Der theologische Sinn

Gertraud verweist dabei auch auf den theologischen Sinn der Beichte: als Sakrament ist es die Frucht des Leidens Christi für uns. Wenn wir den Mut haben, zu beichten, dann wachsen wir letztendlich in der Liebe Christi und werden freier für sein Wirken, für seine uneingeschränkte Präsenz in uns. So stellt sie die Beichte im Dienst des menschlichen, ja des christlichen Wachstums. 

„Was wollen wir denn letzten Endes? Wir, die uns der Heiland so unverdienter Weise vor schwerer Schuld bewahrt? Wir wollen in seiner Liebe wachsen, d. h. ein »alter Christus« werden, immer reiner werden von jeder Sündenmakel, von jeder bösen Neigung, von der übertriebenen Anhänglichkeit und Liebe zu den Geschöpfen und irdischen Dingen, die uns im Wachstum der Liebe hemmen.“ 

Frei werden

Damit ist ein Weg gezeichnet, der den Menschen freier machen will: freier von sich selbst – dem eigenen Ich – und damit aufnahmefähiger für Gott. Man spürt aus diesen Gedanken, wie sehr Gertraud aus eigener Erfahrung spricht und der Gesprächspartnerin, die eine Suchende ist, Anteil am eigenem Weg gibt. 

„Schau, und bei jedem Bekenntnis in der heiligen Beichte, bei jedem »mea culpa« am Abend bröckelt ein bissl Eigenliebe und Selbstgenügen von uns ab, weil wir unsere Schwäche erkennen, und um jedes Quäntchen Ich, das sich aus unserem Herzen beschämt davonschleicht, zieht der Heiland mehr in sein Königreich ein, bis er ganz allein der Herrscher ist, wie wir’s ihm so oft geloben und versichern.

Papst Franziskus

In seiner Ansprache an die Teilnehmer eines Kurses für Beichtväter am 12. März dieses Jahres stellte Papst Franziskus das „Wunder der Wandlung“ durch die Begegnung mit der Liebe Christi in den Mittelpunkt des Beichtgeschehens:

„Der Pönitent, der im sakramentalen Gespräch einem Strahl dieser einladenden Liebe begegnet, lässt sich von der Liebe, von der Gnade verwandeln und beginnt, jene Verwandlung eines Herzens aus Stein in ein Herz aus Fleisch zu erleben – eine Verwandlung, die sich in jeder Beichte vollzieht.
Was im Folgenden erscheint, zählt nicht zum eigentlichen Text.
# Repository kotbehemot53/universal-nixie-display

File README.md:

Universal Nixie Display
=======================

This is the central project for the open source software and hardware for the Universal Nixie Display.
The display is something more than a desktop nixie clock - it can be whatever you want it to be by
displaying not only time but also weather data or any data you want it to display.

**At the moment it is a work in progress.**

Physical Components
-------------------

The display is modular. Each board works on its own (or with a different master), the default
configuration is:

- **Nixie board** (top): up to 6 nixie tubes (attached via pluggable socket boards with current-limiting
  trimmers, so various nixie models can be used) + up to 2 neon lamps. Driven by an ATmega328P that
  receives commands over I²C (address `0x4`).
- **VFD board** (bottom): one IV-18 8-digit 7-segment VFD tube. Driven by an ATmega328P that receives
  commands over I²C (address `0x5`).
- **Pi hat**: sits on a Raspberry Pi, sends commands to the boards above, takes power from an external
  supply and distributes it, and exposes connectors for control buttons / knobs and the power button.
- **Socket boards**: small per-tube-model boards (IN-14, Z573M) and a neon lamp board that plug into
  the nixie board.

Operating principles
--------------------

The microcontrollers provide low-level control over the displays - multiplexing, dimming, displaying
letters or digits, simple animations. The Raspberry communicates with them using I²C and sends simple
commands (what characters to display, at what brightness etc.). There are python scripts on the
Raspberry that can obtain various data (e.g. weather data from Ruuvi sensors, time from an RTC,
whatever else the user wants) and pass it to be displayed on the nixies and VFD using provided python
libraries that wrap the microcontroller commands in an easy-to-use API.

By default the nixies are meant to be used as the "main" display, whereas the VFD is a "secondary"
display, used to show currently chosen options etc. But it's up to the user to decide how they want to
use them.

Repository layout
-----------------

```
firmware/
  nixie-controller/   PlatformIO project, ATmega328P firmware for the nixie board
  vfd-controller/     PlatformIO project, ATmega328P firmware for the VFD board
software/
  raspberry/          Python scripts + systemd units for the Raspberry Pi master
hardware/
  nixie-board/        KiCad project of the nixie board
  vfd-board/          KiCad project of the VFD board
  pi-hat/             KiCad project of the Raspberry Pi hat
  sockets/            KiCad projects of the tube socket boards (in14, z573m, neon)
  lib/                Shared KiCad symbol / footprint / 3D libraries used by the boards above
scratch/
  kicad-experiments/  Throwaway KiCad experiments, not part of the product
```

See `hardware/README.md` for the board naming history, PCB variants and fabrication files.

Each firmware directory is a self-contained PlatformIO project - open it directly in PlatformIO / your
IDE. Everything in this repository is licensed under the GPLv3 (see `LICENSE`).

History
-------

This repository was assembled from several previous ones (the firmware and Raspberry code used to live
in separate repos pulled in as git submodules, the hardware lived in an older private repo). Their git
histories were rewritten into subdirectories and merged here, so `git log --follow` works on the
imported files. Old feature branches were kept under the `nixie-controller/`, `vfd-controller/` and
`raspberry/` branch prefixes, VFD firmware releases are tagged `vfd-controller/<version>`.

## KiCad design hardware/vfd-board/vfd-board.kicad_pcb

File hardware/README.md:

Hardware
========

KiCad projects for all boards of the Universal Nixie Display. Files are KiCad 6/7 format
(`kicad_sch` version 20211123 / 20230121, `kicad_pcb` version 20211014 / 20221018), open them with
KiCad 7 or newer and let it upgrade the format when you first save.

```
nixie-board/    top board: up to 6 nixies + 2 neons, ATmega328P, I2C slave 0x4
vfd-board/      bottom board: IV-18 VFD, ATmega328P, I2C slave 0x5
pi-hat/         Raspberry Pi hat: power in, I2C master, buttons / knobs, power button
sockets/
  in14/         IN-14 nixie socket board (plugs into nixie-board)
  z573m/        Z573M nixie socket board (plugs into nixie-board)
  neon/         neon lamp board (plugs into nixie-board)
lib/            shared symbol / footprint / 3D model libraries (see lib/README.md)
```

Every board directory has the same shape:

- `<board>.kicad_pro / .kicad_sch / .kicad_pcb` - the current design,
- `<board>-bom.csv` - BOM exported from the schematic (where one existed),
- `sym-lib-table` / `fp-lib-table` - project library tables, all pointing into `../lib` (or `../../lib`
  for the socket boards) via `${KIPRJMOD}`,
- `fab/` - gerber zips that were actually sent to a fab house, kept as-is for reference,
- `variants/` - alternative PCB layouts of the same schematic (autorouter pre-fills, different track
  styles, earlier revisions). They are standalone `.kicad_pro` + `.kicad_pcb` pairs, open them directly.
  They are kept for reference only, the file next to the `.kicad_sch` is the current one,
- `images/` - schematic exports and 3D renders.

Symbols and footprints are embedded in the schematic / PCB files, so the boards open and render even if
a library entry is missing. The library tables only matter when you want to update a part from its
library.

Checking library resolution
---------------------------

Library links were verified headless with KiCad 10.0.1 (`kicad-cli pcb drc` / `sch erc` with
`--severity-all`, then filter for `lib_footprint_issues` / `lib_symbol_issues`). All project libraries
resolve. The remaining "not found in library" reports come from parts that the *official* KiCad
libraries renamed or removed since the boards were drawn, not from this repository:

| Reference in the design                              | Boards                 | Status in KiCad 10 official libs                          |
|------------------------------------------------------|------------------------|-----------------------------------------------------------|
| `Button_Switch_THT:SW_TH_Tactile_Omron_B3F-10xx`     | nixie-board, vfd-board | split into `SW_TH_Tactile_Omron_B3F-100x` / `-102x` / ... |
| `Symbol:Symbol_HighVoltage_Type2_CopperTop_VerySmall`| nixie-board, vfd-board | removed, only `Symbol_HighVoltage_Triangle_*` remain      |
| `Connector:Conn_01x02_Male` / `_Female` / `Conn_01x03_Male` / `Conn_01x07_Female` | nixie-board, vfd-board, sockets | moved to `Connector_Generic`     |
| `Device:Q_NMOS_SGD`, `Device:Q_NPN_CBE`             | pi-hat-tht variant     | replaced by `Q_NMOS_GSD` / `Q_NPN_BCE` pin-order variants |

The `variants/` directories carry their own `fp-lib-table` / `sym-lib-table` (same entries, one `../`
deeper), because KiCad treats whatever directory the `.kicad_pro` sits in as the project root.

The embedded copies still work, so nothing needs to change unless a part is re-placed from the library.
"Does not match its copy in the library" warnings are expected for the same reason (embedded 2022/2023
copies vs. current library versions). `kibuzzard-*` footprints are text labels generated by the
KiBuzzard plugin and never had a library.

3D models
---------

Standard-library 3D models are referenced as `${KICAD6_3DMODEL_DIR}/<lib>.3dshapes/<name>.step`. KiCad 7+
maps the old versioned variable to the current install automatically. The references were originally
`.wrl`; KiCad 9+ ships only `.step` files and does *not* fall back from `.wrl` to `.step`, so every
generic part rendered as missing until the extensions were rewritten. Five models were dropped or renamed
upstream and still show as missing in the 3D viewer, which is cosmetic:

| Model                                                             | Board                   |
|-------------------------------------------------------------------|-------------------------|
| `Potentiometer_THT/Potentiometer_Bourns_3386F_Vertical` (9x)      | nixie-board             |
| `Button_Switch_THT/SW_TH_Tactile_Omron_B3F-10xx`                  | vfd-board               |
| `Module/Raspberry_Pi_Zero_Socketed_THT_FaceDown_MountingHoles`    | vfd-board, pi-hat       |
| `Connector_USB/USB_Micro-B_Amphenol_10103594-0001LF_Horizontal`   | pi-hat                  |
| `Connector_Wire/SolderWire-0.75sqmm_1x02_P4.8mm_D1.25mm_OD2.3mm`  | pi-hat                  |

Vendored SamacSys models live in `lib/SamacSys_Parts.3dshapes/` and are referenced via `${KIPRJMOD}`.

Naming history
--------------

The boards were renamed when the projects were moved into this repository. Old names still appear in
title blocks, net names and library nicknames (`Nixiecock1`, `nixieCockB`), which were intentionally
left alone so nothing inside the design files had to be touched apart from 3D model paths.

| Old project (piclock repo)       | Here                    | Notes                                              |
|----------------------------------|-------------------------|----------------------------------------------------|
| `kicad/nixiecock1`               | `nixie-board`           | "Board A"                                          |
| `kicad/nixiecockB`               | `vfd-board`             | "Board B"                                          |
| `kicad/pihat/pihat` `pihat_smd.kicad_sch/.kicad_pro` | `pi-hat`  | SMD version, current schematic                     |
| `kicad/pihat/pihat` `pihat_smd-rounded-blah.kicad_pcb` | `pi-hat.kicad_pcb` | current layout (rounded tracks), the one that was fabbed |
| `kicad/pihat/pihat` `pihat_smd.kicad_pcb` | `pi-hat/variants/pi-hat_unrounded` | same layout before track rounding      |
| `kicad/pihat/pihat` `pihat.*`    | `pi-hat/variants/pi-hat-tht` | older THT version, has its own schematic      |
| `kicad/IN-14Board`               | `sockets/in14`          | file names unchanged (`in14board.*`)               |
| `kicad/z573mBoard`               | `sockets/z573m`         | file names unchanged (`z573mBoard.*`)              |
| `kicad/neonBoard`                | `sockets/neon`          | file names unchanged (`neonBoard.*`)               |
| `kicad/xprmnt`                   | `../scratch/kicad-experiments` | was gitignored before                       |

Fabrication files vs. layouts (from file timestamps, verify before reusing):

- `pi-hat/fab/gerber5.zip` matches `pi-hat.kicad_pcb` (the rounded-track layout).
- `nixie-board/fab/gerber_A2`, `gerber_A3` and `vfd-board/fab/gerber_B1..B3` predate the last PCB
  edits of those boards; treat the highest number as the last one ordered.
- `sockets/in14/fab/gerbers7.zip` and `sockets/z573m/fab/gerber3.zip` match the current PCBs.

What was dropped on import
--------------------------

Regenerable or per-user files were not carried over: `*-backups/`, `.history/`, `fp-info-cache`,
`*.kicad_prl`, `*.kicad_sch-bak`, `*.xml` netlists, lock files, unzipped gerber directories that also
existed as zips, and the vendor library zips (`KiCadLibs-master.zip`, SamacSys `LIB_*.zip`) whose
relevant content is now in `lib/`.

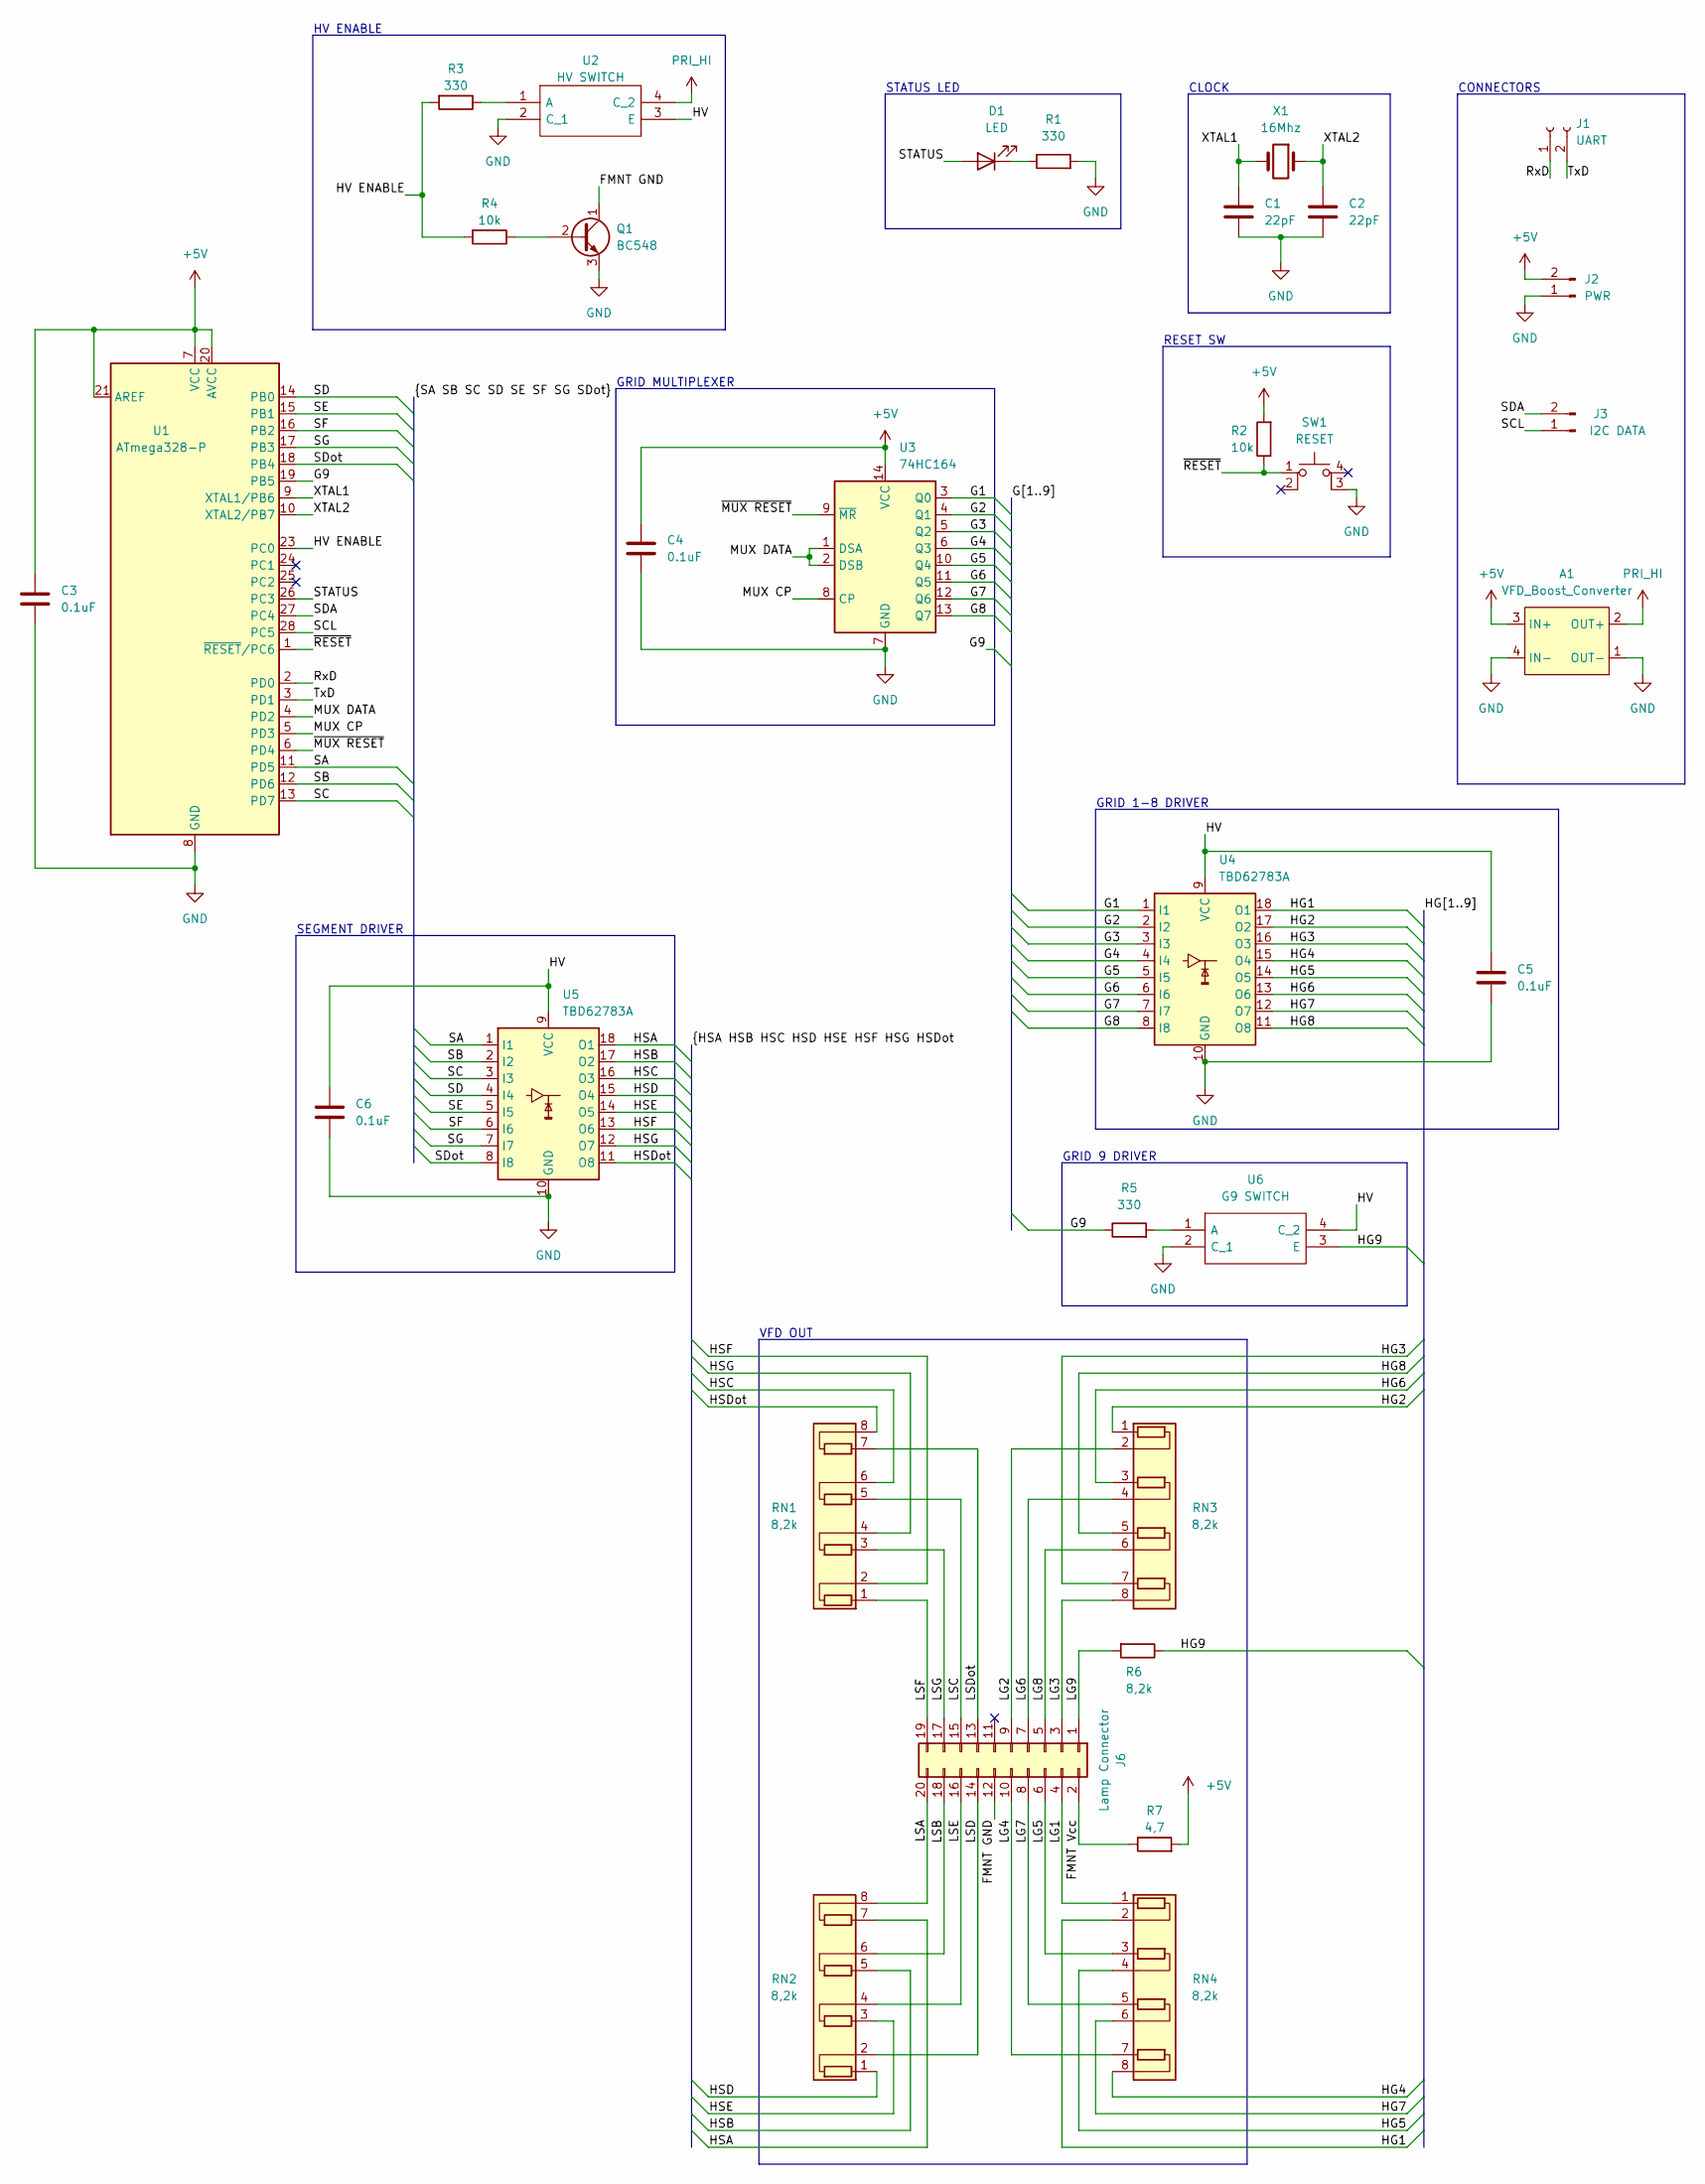
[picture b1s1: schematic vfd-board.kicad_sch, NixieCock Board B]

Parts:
A1: VFD_Boost_Converter; VFD Boost Converter
C1, C2: 22pF; C_Disc_D3.0mm_W1.6mm_P2.50mm
C3, C4, C5, C6: 0.1uF; C_Disc_D5.0mm_W2.5mm_P2.50mm
D1: LED; LED_D3.0mm
J1: UART; PinHeader_1x02_P2.54mm_Vertical
J2: PWR; JST_XH_B2B-XH-A_1x02_P2.50mm_Vertical
J3: I2C DATA; JST_XH_B2B-XH-A_1x02_P2.50mm_Vertical
J6: Lamp Connector; IDC-Header_2x10_P2.54mm_Vertical
Q1: BC548; TO-92_Inline
R1, R3, R5: 330; R_Axial_DIN0207_L6.3mm_D2.5mm_P10.16mm_Horizontal
R2, R4: 10k; R_Axial_DIN0207_L6.3mm_D2.5mm_P10.16mm_Horizontal
R6: 8,2k; R_Axial_DIN0207_L6.3mm_D2.5mm_P10.16mm_Horizontal
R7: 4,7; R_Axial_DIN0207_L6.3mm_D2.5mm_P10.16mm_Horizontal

So ist es auch im affektiven Leben: Man wird durch die Begegnung mit einer großen Liebe verändert.“

Im Gertrauds Zeugnis spüren wir, dass sie die Beichte selbstverständlich in diesen ureigenen Kontext der Liebe stellt. Dies ist sehr wichtig, um das Bußsakrament richtig zu verstehen. Für Gertraud ist die Beichte ein Ausdruck der Liebe, die für die Begegnung mit größeren Liebe disponiert. Ein eher fraulicher Blick auf die Beichte, die sie in dem ganzheitlichen Kontext zu sehen erlaubt? Auf jeden Fall ein ergänzender Blick, der zur Neuentdeckung dieses Sakramentes beitragen kann. Und wir spüren: ihre Worte kommen aus dem Inneren, sie kommen aus Erfahrung. Und diese Erfahrung überzeugt.